Clinical characteristics and biopsy specimen features in African-American and white men without prostate cancer

Abstract

Background: The reported incidence of prostate cancer is higher among African-American men than among white men. We conducted a study of African-American and white men without prostate cancer to determine whether clinical and histologic findings might be associated with racial differences in serum prostate-specific antigen (PSA) levels.
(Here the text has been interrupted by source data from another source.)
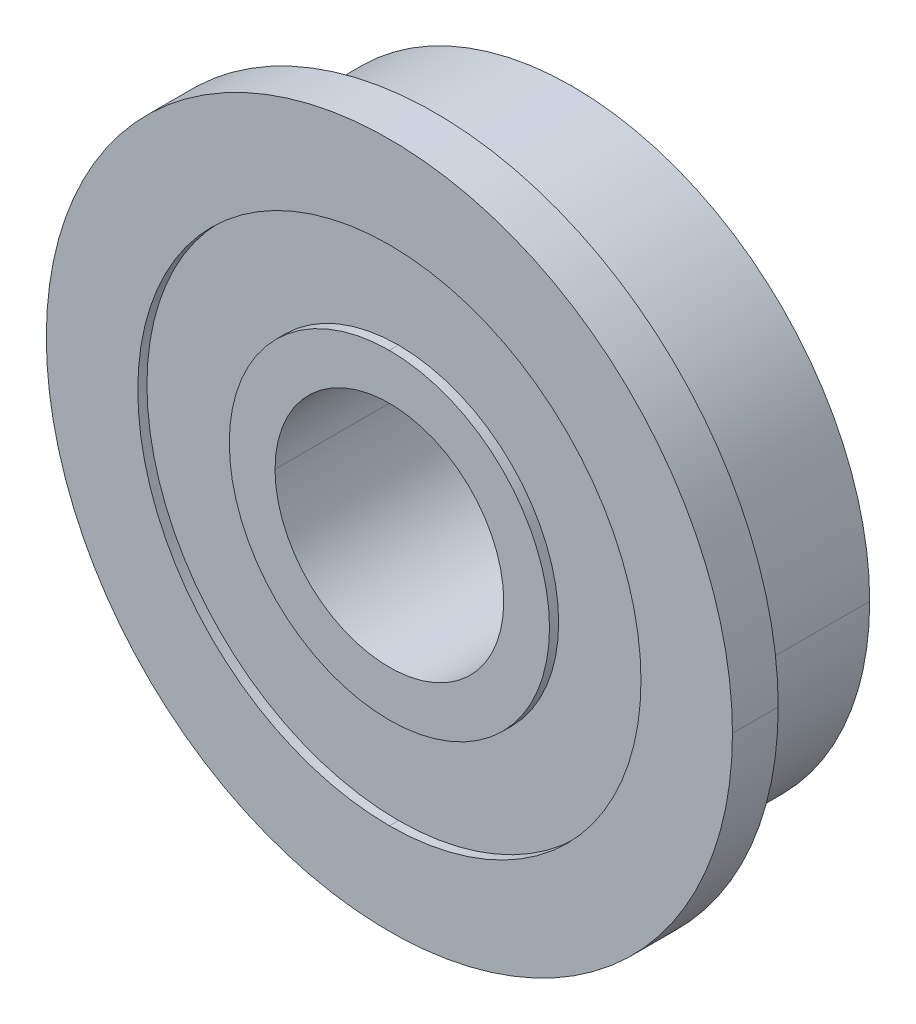
ISO-10303-21;
HEADER;
FILE_DESCRIPTION(('STEP AP214'),'2;1');
FILE_NAME('part.step','',(''),(''),'','','');
FILE_SCHEMA(('AUTOMOTIVE_DESIGN { 1 0 10303 214 1 1 1 1 }'));
ENDSEC;
DATA;
#1=APPLICATION_CONTEXT('core data for automotive mechanical design processes');
#2=APPLICATION_PROTOCOL_DEFINITION('international standard','automotive_design',2000,#1);
#3=PRODUCT_CONTEXT('',#1,'mechanical');
#4=PRODUCT('Part','Part','',(#3));
#5=PRODUCT_RELATED_PRODUCT_CATEGORY('part','',(#4));
#6=PRODUCT_DEFINITION_FORMATION('','',#4);
#7=PRODUCT_DEFINITION_CONTEXT('part definition',#1,'design');
#8=PRODUCT_DEFINITION('design','',#6,#7);
#9=PRODUCT_DEFINITION_SHAPE('','',#8);
#10=(LENGTH_UNIT() NAMED_UNIT(*) SI_UNIT(.MILLI.,.METRE.));
#11=(NAMED_UNIT(*) PLANE_ANGLE_UNIT() SI_UNIT($,.RADIAN.));
#12=(NAMED_UNIT(*) SI_UNIT($,.STERADIAN.) SOLID_ANGLE_UNIT());
#13=UNCERTAINTY_MEASURE_WITH_UNIT(LENGTH_MEASURE(1.E-05),#10,'distance_accuracy_value','');
#14=(GEOMETRIC_REPRESENTATION_CONTEXT(3) GLOBAL_UNCERTAINTY_ASSIGNED_CONTEXT((#13)) GLOBAL_UNIT_ASSIGNED_CONTEXT((#10,
#11,#12)) REPRESENTATION_CONTEXT('',''));
#15=CARTESIAN_POINT('',(0.,0.,0.));
#16=DIRECTION('',(0.,0.,1.));
#17=DIRECTION('',(1.,0.,0.));
#18=AXIS2_PLACEMENT_3D('',#15,#16,#17);
#19=CARTESIAN_POINT('',(0.,0.,2.));
#20=DIRECTION('',(0.,0.,-1.));
#21=DIRECTION('',(0.,1.,0.));
#22=AXIS2_PLACEMENT_3D('',#19,#20,#21);
#23=CYLINDRICAL_SURFACE('',#22,5.5);
#24=DIRECTION('',(0.,0.,1.));
#25=VECTOR('',#24,1.);
#26=CARTESIAN_POINT('',(0.,-5.5,1.8));
#27=LINE('',#26,#25);
#28=CARTESIAN_POINT('',(0.,-5.5,1.8));
#29=VERTEX_POINT('',#28);
#30=CARTESIAN_POINT('',(0.,-5.5,2.));
#31=VERTEX_POINT('',#30);
#32=EDGE_CURVE('E18',#29,#31,#27,.T.);
#33=ORIENTED_EDGE('',*,*,#32,.T.);
#34=CARTESIAN_POINT('',(0.,0.,2.));
#35=DIRECTION('',(0.,0.,-1.));
#36=DIRECTION('',(0.,1.,0.));
#37=AXIS2_PLACEMENT_3D('',#34,#35,#36);
#38=CIRCLE('',#37,5.5);
#39=CARTESIAN_POINT('',(0.,5.5,2.));
#40=VERTEX_POINT('',#39);
#41=EDGE_CURVE('E188',#40,#31,#38,.T.);
#42=ORIENTED_EDGE('',*,*,#41,.F.);
#43=DIRECTION('',(0.,0.,1.));
#44=VECTOR('',#43,1.);
#45=CARTESIAN_POINT('',(0.,5.5,1.8));
#46=LINE('',#45,#44);
#47=CARTESIAN_POINT('',(0.,5.5,1.8));
#48=VERTEX_POINT('',#47);
#49=EDGE_CURVE('E198',#48,#40,#46,.T.);
#50=ORIENTED_EDGE('',*,*,#49,.F.);
#51=CARTESIAN_POINT('',(0.,0.,1.8));
#52=DIRECTION('',(0.,0.,1.));
#53=DIRECTION('',(0.,-1.,0.));
#54=AXIS2_PLACEMENT_3D('',#51,#52,#53);
#55=CIRCLE('',#54,5.5);
#56=EDGE_CURVE('E191',#29,#48,#55,.T.);
#57=ORIENTED_EDGE('',*,*,#56,.F.);
#58=EDGE_LOOP('',(#33,#42,#50,#57));
#59=FACE_BOUND('',#58,.T.);
#60=ADVANCED_FACE('F15',(#59),#23,.F.);
#61=CARTESIAN_POINT('',(0.,0.,-2.));
#62=DIRECTION('',(0.,0.,1.));
#63=DIRECTION('',(1.,0.,0.));
#64=AXIS2_PLACEMENT_3D('',#61,#62,#63);
#65=CYLINDRICAL_SURFACE('',#64,2.5);
#66=CARTESIAN_POINT('',(0.,0.,2.));
#67=DIRECTION('',(0.,0.,-1.));
#68=DIRECTION('',(1.,0.,0.));
#69=AXIS2_PLACEMENT_3D('',#66,#67,#68);
#70=CIRCLE('',#69,2.5);
#71=CARTESIAN_POINT('',(2.5,0.,2.));
#72=VERTEX_POINT('',#71);
#73=CARTESIAN_POINT('',(-2.5,0.,2.));
#74=VERTEX_POINT('',#73);
#75=EDGE_CURVE('E165',#72,#74,#70,.T.);
#76=ORIENTED_EDGE('',*,*,#75,.F.);
#77=DIRECTION('',(0.,0.,-1.));
#78=VECTOR('',#77,1.);
#79=CARTESIAN_POINT('',(2.5,0.,2.));
#80=LINE('',#79,#78);
#81=CARTESIAN_POINT('',(2.5,0.,-2.));
#82=VERTEX_POINT('',#81);
#83=EDGE_CURVE('E24',#72,#82,#80,.T.);
#84=ORIENTED_EDGE('',*,*,#83,.T.);
#85=CARTESIAN_POINT('',(0.,0.,-2.));
#86=DIRECTION('',(0.,0.,1.));
#87=DIRECTION('',(-1.,0.,0.));
#88=AXIS2_PLACEMENT_3D('',#85,#86,#87);
#89=CIRCLE('',#88,2.5);
#90=CARTESIAN_POINT('',(-2.5,0.,-2.));
#91=VERTEX_POINT('',#90);
#92=EDGE_CURVE('E156',#91,#82,#89,.T.);
#93=ORIENTED_EDGE('',*,*,#92,.F.);
#94=DIRECTION('',(0.,0.,-1.));
#95=VECTOR('',#94,1.);
#96=CARTESIAN_POINT('',(-2.5,0.,2.));
#97=LINE('',#96,#95);
#98=EDGE_CURVE('E10',#74,#91,#97,.T.);
#99=ORIENTED_EDGE('',*,*,#98,.F.);
#100=EDGE_LOOP('',(#76,#84,#93,#99));
#101=FACE_BOUND('',#100,.T.);
#102=ADVANCED_FACE('F163',(#101),#65,.F.);
#103=CARTESIAN_POINT('',(0.,0.,-2.));
#104=DIRECTION('',(0.,0.,1.));
#105=DIRECTION('',(1.,0.,0.));
#106=AXIS2_PLACEMENT_3D('',#103,#104,#105);
#107=CYLINDRICAL_SURFACE('',#106,2.5);
#108=CARTESIAN_POINT('',(0.,0.,2.));
#109=DIRECTION('',(0.,0.,-1.));
#110=DIRECTION('',(-1.,0.,0.));
#111=AXIS2_PLACEMENT_3D('',#108,#109,#110);
#112=CIRCLE('',#111,2.5);
#113=EDGE_CURVE('E435',#74,#72,#112,.T.);
#114=ORIENTED_EDGE('',*,*,#113,.F.);
#115=ORIENTED_EDGE('',*,*,#98,.T.);
#116=CARTESIAN_POINT('',(0.,0.,-2.));
#117=DIRECTION('',(0.,0.,1.));
#118=DIRECTION('',(1.,0.,0.));
#119=AXIS2_PLACEMENT_3D('',#116,#117,#118);
#120=CIRCLE('',#119,2.5);
#121=EDGE_CURVE('E152',#82,#91,#120,.T.);
#122=ORIENTED_EDGE('',*,*,#121,.F.);
#123=ORIENTED_EDGE('',*,*,#83,.F.);
#124=EDGE_LOOP('',(#114,#115,#122,#123));
#125=FACE_BOUND('',#124,.T.);
#126=ADVANCED_FACE('F169',(#125),#107,.F.);
#127=CARTESIAN_POINT('',(0.,0.,-2.));
#128=DIRECTION('',(0.,0.,1.));
#129=DIRECTION('',(1.,0.,0.));
#130=AXIS2_PLACEMENT_3D('',#127,#128,#129);
#131=PLANE('',#130);
#132=ORIENTED_EDGE('',*,*,#92,.T.);
#133=ORIENTED_EDGE('',*,*,#121,.T.);
#134=EDGE_LOOP('',(#132,#133));
#135=FACE_BOUND('',#134,.T.);
#136=CARTESIAN_POINT('',(0.,0.,-2.));
#137=DIRECTION('',(0.,0.,-1.));
#138=DIRECTION('',(0.,-1.,0.));
#139=AXIS2_PLACEMENT_3D('',#136,#137,#138);
#140=CIRCLE('',#139,3.5);
#141=CARTESIAN_POINT('',(0.,-3.5,-2.));
#142=VERTEX_POINT('',#141);
#143=CARTESIAN_POINT('',(0.,3.5,-2.));
#144=VERTEX_POINT('',#143);
#145=EDGE_CURVE('E146',#142,#144,#140,.T.);
#146=ORIENTED_EDGE('',*,*,#145,.T.);
#147=CARTESIAN_POINT('',(0.,0.,-2.));
#148=DIRECTION('',(0.,0.,-1.));
#149=DIRECTION('',(0.,1.,0.));
#150=AXIS2_PLACEMENT_3D('',#147,#148,#149);
#151=CIRCLE('',#150,3.5);
#152=EDGE_CURVE('E31',#144,#142,#151,.T.);
#153=ORIENTED_EDGE('',*,*,#152,.T.);
#154=EDGE_LOOP('',(#146,#153));
#155=FACE_BOUND('',#154,.T.);
#156=ADVANCED_FACE('F171',(#135,#155),#131,.F.);
#157=CARTESIAN_POINT('',(0.,0.,-2.));
#158=DIRECTION('',(0.,0.,-1.));
#159=DIRECTION('',(0.,1.,0.));
#160=AXIS2_PLACEMENT_3D('',#157,#158,#159);
#161=CYLINDRICAL_SURFACE('',#160,3.5);
#162=CARTESIAN_POINT('',(0.,0.,-1.8));
#163=DIRECTION('',(0.,0.,1.));
#164=DIRECTION('',(0.,1.,0.));
#165=AXIS2_PLACEMENT_3D('',#162,#163,#164);
#166=CIRCLE('',#165,3.5);
#167=CARTESIAN_POINT('',(0.,3.5,-1.8));
#168=VERTEX_POINT('',#167);
#169=CARTESIAN_POINT('',(0.,-3.5,-1.8));
#170=VERTEX_POINT('',#169);
#171=EDGE_CURVE('E118',#168,#170,#166,.T.);
#172=ORIENTED_EDGE('',*,*,#171,.F.);
#173=DIRECTION('',(0.,0.,-1.));
#174=VECTOR('',#173,1.);
#175=CARTESIAN_POINT('',(0.,3.5,-1.8));
#176=LINE('',#175,#174);
#177=EDGE_CURVE('E121',#168,#144,#176,.T.);
#178=ORIENTED_EDGE('',*,*,#177,.T.);
#179=ORIENTED_EDGE('',*,*,#145,.F.);
#180=DIRECTION('',(0.,0.,-1.));
#181=VECTOR('',#180,1.);
#182=CARTESIAN_POINT('',(0.,-3.5,-1.8));
#183=LINE('',#182,#181);
#184=EDGE_CURVE('E123',#170,#142,#183,.T.);
#185=ORIENTED_EDGE('',*,*,#184,.F.);
#186=EDGE_LOOP('',(#172,#178,#179,#185));
#187=FACE_BOUND('',#186,.T.);
#188=ADVANCED_FACE('F120',(#187),#161,.T.);
#189=CARTESIAN_POINT('',(0.,0.,-2.));
#190=DIRECTION('',(0.,0.,-1.));
#191=DIRECTION('',(0.,1.,0.));
#192=AXIS2_PLACEMENT_3D('',#189,#190,#191);
#193=CYLINDRICAL_SURFACE('',#192,3.5);
#194=CARTESIAN_POINT('',(0.,0.,-1.8));
#195=DIRECTION('',(0.,0.,1.));
#196=DIRECTION('',(0.,-1.,0.));
#197=AXIS2_PLACEMENT_3D('',#194,#195,#196);
#198=CIRCLE('',#197,3.5);
#199=EDGE_CURVE('E128',#170,#168,#198,.T.);
#200=ORIENTED_EDGE('',*,*,#199,.F.);
#201=ORIENTED_EDGE('',*,*,#184,.T.);
#202=ORIENTED_EDGE('',*,*,#152,.F.);
#203=ORIENTED_EDGE('',*,*,#177,.F.);
#204=EDGE_LOOP('',(#200,#201,#202,#203));
#205=FACE_BOUND('',#204,.T.);
#206=ADVANCED_FACE('F131',(#205),#193,.T.);
#207=CARTESIAN_POINT('',(0.,0.,-1.8));
#208=DIRECTION('',(0.,0.,-1.));
#209=DIRECTION('',(0.,1.,0.));
#210=AXIS2_PLACEMENT_3D('',#207,#208,#209);
#211=PLANE('',#210);
#212=ORIENTED_EDGE('',*,*,#171,.T.);
#213=ORIENTED_EDGE('',*,*,#199,.T.);
#214=EDGE_LOOP('',(#212,#213));
#215=FACE_BOUND('',#214,.T.);
#216=CARTESIAN_POINT('',(0.,0.,-1.8));
#217=DIRECTION('',(0.,0.,-1.));
#218=DIRECTION('',(0.,1.,0.));
#219=AXIS2_PLACEMENT_3D('',#216,#217,#218);
#220=CIRCLE('',#219,5.5);
#221=CARTESIAN_POINT('',(0.,5.5,-1.8));
#222=VERTEX_POINT('',#221);
#223=CARTESIAN_POINT('',(0.,-5.5,-1.8));
#224=VERTEX_POINT('',#223);
#225=EDGE_CURVE('E137',#222,#224,#220,.T.);
#226=ORIENTED_EDGE('',*,*,#225,.T.);
#227=CARTESIAN_POINT('',(0.,0.,-1.8));
#228=DIRECTION('',(0.,0.,-1.));
#229=DIRECTION('',(0.,-1.,0.));
#230=AXIS2_PLACEMENT_3D('',#227,#228,#229);
#231=CIRCLE('',#230,5.5);
#232=EDGE_CURVE('E141',#224,#222,#231,.T.);
#233=ORIENTED_EDGE('',*,*,#232,.T.);
#234=EDGE_LOOP('',(#226,#233));
#235=FACE_BOUND('',#234,.T.);
#236=ADVANCED_FACE('F134',(#215,#235),#211,.T.);
#237=CARTESIAN_POINT('',(0.,0.,-2.));
#238=DIRECTION('',(0.,0.,-1.));
#239=DIRECTION('',(0.,1.,0.));
#240=AXIS2_PLACEMENT_3D('',#237,#238,#239);
#241=CYLINDRICAL_SURFACE('',#240,5.5);
#242=ORIENTED_EDGE('',*,*,#225,.F.);
#243=DIRECTION('',(0.,0.,-1.));
#244=VECTOR('',#243,1.);
#245=CARTESIAN_POINT('',(0.,5.5,-1.8));
#246=LINE('',#245,#244);
#247=CARTESIAN_POINT('',(0.,5.5,-2.));
#248=VERTEX_POINT('',#247);
#249=EDGE_CURVE('E260',#222,#248,#246,.T.);
#250=ORIENTED_EDGE('',*,*,#249,.T.);
#251=CARTESIAN_POINT('',(0.,0.,-2.));
#252=DIRECTION('',(0.,0.,1.));
#253=DIRECTION('',(0.,-1.,0.));
#254=AXIS2_PLACEMENT_3D('',#251,#252,#253);
#255=CIRCLE('',#254,5.5);
#256=CARTESIAN_POINT('',(0.,-5.5,-2.));
#257=VERTEX_POINT('',#256);
#258=EDGE_CURVE('E256',#257,#248,#255,.T.);
#259=ORIENTED_EDGE('',*,*,#258,.F.);
#260=DIRECTION('',(0.,0.,-1.));
#261=VECTOR('',#260,1.);
#262=CARTESIAN_POINT('',(0.,-5.5,-1.8));
#263=LINE('',#262,#261);
#264=EDGE_CURVE('E261',#224,#257,#263,.T.);
#265=ORIENTED_EDGE('',*,*,#264,.F.);
#266=EDGE_LOOP('',(#242,#250,#259,#265));
#267=FACE_BOUND('',#266,.T.);
#268=ADVANCED_FACE('F273',(#267),#241,.F.);
#269=CARTESIAN_POINT('',(0.,0.,-2.));
#270=DIRECTION('',(0.,0.,-1.));
#271=DIRECTION('',(0.,1.,0.));
#272=AXIS2_PLACEMENT_3D('',#269,#270,#271);
#273=CYLINDRICAL_SURFACE('',#272,5.5);
#274=ORIENTED_EDGE('',*,*,#232,.F.);
#275=ORIENTED_EDGE('',*,*,#264,.T.);
#276=CARTESIAN_POINT('',(0.,0.,-2.));
#277=DIRECTION('',(0.,0.,1.));
#278=DIRECTION('',(0.,1.,0.));
#279=AXIS2_PLACEMENT_3D('',#276,#277,#278);
#280=CIRCLE('',#279,5.5);
#281=EDGE_CURVE('E252',#248,#257,#280,.T.);
#282=ORIENTED_EDGE('',*,*,#281,.F.);
#283=ORIENTED_EDGE('',*,*,#249,.F.);
#284=EDGE_LOOP('',(#274,#275,#282,#283));
#285=FACE_BOUND('',#284,.T.);
#286=ADVANCED_FACE('F275',(#285),#273,.F.);
#287=CARTESIAN_POINT('',(0.,0.,-2.));
#288=DIRECTION('',(0.,0.,1.));
#289=DIRECTION('',(1.,0.,0.));
#290=AXIS2_PLACEMENT_3D('',#287,#288,#289);
#291=PLANE('',#290);
#292=ORIENTED_EDGE('',*,*,#258,.T.);
#293=ORIENTED_EDGE('',*,*,#281,.T.);
#294=EDGE_LOOP('',(#292,#293));
#295=FACE_BOUND('',#294,.T.);
#296=CARTESIAN_POINT('',(0.,0.,-2.));
#297=DIRECTION('',(0.,0.,-1.));
#298=DIRECTION('',(-1.,0.,0.));
#299=AXIS2_PLACEMENT_3D('',#296,#297,#298);
#300=CIRCLE('',#299,6.5);
#301=CARTESIAN_POINT('',(-6.5,0.,-2.));
#302=VERTEX_POINT('',#301);
#303=CARTESIAN_POINT('',(6.5,0.,-2.));
#304=VERTEX_POINT('',#303);
#305=EDGE_CURVE('E243',#302,#304,#300,.T.);
#306=ORIENTED_EDGE('',*,*,#305,.T.);
#307=CARTESIAN_POINT('',(0.,0.,-2.));
#308=DIRECTION('',(0.,0.,-1.));
#309=DIRECTION('',(1.,0.,0.));
#310=AXIS2_PLACEMENT_3D('',#307,#308,#309);
#311=CIRCLE('',#310,6.5);
#312=EDGE_CURVE('E244',#304,#302,#311,.T.);
#313=ORIENTED_EDGE('',*,*,#312,.T.);
#314=EDGE_LOOP('',(#306,#313));
#315=FACE_BOUND('',#314,.T.);
#316=ADVANCED_FACE('F277',(#295,#315),#291,.F.);
#317=CARTESIAN_POINT('',(0.,0.,-2.));
#318=DIRECTION('',(0.,0.,1.));
#319=DIRECTION('',(1.,0.,0.));
#320=AXIS2_PLACEMENT_3D('',#317,#318,#319);
#321=CYLINDRICAL_SURFACE('',#320,6.5);
#322=DIRECTION('',(0.,0.,-1.));
#323=VECTOR('',#322,1.);
#324=CARTESIAN_POINT('',(-6.5,0.,1.));
#325=LINE('',#324,#323);
#326=CARTESIAN_POINT('',(-6.5,0.,1.));
#327=VERTEX_POINT('',#326);
#328=EDGE_CURVE('E239',#327,#302,#325,.T.);
#329=ORIENTED_EDGE('',*,*,#328,.F.);
#330=CARTESIAN_POINT('',(0.,0.,1.));
#331=DIRECTION('',(0.,0.,1.));
#332=DIRECTION('',(1.,0.,0.));
#333=AXIS2_PLACEMENT_3D('',#330,#331,#332);
#334=CIRCLE('',#333,6.5);
#335=CARTESIAN_POINT('',(6.5,0.,1.));
#336=VERTEX_POINT('',#335);
#337=EDGE_CURVE('E234',#336,#327,#334,.T.);
#338=ORIENTED_EDGE('',*,*,#337,.F.);
#339=DIRECTION('',(0.,0.,-1.));
#340=VECTOR('',#339,1.);
#341=CARTESIAN_POINT('',(6.5,0.,1.));
#342=LINE('',#341,#340);
#343=EDGE_CURVE('E238',#336,#304,#342,.T.);
#344=ORIENTED_EDGE('',*,*,#343,.T.);
#345=ORIENTED_EDGE('',*,*,#305,.F.);
#346=EDGE_LOOP('',(#329,#338,#344,#345));
#347=FACE_BOUND('',#346,.T.);
#348=ADVANCED_FACE('F280',(#347),#321,.T.);
#349=CARTESIAN_POINT('',(0.,0.,-2.));
#350=DIRECTION('',(0.,0.,1.));
#351=DIRECTION('',(1.,0.,0.));
#352=AXIS2_PLACEMENT_3D('',#349,#350,#351);
#353=CYLINDRICAL_SURFACE('',#352,6.5);
#354=ORIENTED_EDGE('',*,*,#328,.T.);
#355=ORIENTED_EDGE('',*,*,#312,.F.);
#356=ORIENTED_EDGE('',*,*,#343,.F.);
#357=CARTESIAN_POINT('',(0.,0.,1.));
#358=DIRECTION('',(0.,0.,1.));
#359=DIRECTION('',(-1.,0.,0.));
#360=AXIS2_PLACEMENT_3D('',#357,#358,#359);
#361=CIRCLE('',#360,6.5);
#362=EDGE_CURVE('E230',#327,#336,#361,.T.);
#363=ORIENTED_EDGE('',*,*,#362,.F.);
#364=EDGE_LOOP('',(#354,#355,#356,#363));
#365=FACE_BOUND('',#364,.T.);
#366=ADVANCED_FACE('F288',(#365),#353,.T.);
#367=CARTESIAN_POINT('',(0.,0.,1.));
#368=DIRECTION('',(0.,0.,1.));
#369=DIRECTION('',(1.,0.,0.));
#370=AXIS2_PLACEMENT_3D('',#367,#368,#369);
#371=PLANE('',#370);
#372=ORIENTED_EDGE('',*,*,#337,.T.);
#373=ORIENTED_EDGE('',*,*,#362,.T.);
#374=EDGE_LOOP('',(#372,#373));
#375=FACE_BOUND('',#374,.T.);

Methods: From January 1990 through March 1997, 493 (59.5%) of 829 African-American men and 736 (74.1%) of 993 white men who had elevated serum PSA levels (> or = 4.0 ng/mL) and/or abnormal digital rectal examinations and who underwent transrectal ultrasound-guided prostate biopsies were found to be without prostate cancer. Also reviewed were patients' age and race, indication for biopsy, histologic features of the prostate biopsy specimen, ultrasound-measured prostate volume, PSA density (i.e., the PSA level divided by the prostate volume), and (in some cases) serum testosterone levels.

Results: Among these men without prostate cancer, there were no statistically significant differences by race in the ages of the patients, their prostate volumes, or their serum testosterone levels; however, the mean serum PSA levels and PSA densities were significantly higher in African-American men than in white men (two-sided P values of .00003 and .000009, respectively). A higher proportion of African-American men than white men had inflammation in their prostate biopsy specimen, and men of both races with prostate inflammation had higher PSA values than those without inflammation. African-American men without inflammation had higher PSA values than white men without inflammation.

Conclusions: In this study, African-American men without histologic evidence of prostate cancer had significantly higher PSA levels and PSA densities than similarly aged white men. This finding was not accounted for by racial differences in patients' age, serum testosterone level, or prostate volume.